### Records from a data source
■ ■ ■
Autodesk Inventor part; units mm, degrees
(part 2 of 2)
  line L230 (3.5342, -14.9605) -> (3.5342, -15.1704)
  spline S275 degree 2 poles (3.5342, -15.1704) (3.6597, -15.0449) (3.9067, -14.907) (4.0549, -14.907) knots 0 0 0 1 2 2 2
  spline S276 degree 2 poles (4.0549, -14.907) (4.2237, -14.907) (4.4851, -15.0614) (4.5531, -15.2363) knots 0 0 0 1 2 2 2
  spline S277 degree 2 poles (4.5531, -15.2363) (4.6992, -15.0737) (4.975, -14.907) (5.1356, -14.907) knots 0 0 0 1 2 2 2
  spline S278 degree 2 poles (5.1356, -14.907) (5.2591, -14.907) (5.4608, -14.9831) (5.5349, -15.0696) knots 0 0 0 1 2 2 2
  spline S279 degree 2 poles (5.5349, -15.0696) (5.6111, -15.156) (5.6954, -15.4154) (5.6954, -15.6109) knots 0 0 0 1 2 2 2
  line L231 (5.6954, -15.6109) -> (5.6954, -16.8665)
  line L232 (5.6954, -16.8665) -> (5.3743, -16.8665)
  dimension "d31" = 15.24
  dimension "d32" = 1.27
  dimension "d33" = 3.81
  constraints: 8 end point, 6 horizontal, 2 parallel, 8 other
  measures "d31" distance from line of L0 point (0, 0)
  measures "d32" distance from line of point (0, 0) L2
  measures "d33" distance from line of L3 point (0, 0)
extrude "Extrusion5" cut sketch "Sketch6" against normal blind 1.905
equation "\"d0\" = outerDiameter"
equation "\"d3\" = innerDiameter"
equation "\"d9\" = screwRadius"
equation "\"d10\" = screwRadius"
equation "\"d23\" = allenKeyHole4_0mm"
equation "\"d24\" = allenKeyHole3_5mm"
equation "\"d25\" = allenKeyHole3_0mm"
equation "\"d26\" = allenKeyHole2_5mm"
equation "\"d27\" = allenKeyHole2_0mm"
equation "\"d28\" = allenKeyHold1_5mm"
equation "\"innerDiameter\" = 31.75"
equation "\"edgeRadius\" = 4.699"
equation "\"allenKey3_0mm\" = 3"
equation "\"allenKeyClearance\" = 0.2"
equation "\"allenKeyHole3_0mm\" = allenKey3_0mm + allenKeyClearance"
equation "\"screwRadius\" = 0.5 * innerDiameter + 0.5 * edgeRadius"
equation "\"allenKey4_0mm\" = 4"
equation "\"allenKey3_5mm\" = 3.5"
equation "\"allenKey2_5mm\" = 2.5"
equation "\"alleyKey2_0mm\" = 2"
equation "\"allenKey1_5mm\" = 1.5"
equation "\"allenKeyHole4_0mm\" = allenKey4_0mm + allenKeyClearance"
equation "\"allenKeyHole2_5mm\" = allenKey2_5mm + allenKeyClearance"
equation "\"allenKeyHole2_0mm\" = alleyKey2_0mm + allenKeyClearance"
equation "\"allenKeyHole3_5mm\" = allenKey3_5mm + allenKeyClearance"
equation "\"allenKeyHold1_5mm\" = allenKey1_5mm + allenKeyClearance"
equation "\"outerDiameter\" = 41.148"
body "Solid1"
■ ■ ■
From the records above, pick out and copy each line holding the word "knots".

### COMPLETED EXERCISE
  spline S275 degree 2 poles (3.5342, -15.1704) (3.6597, -15.0449) (3.9067, -14.907) (4.0549, -14.907) knots 0 0 0 1 2 2 2
  spline S276 degree 2 poles (4.0549, -14.907) (4.2237, -14.907) (4.4851, -15.0614) (4.5531, -15.2363) knots 0 0 0 1 2 2 2
  spline S277 degree 2 poles (4.5531, -15.2363) (4.6992, -15.0737) (4.975, -14.907) (5.1356, -14.907) knots 0 0 0 1 2 2 2
  spline S278 degree 2 poles (5.1356, -14.907) (5.2591, -14.907) (5.4608, -14.9831) (5.5349, -15.0696) knots 0 0 0 1 2 2 2
  spline S279 degree 2 poles (5.5349, -15.0696) (5.6111, -15.156) (5.6954, -15.4154) (5.6954, -15.6109) knots 0 0 0 1 2 2 2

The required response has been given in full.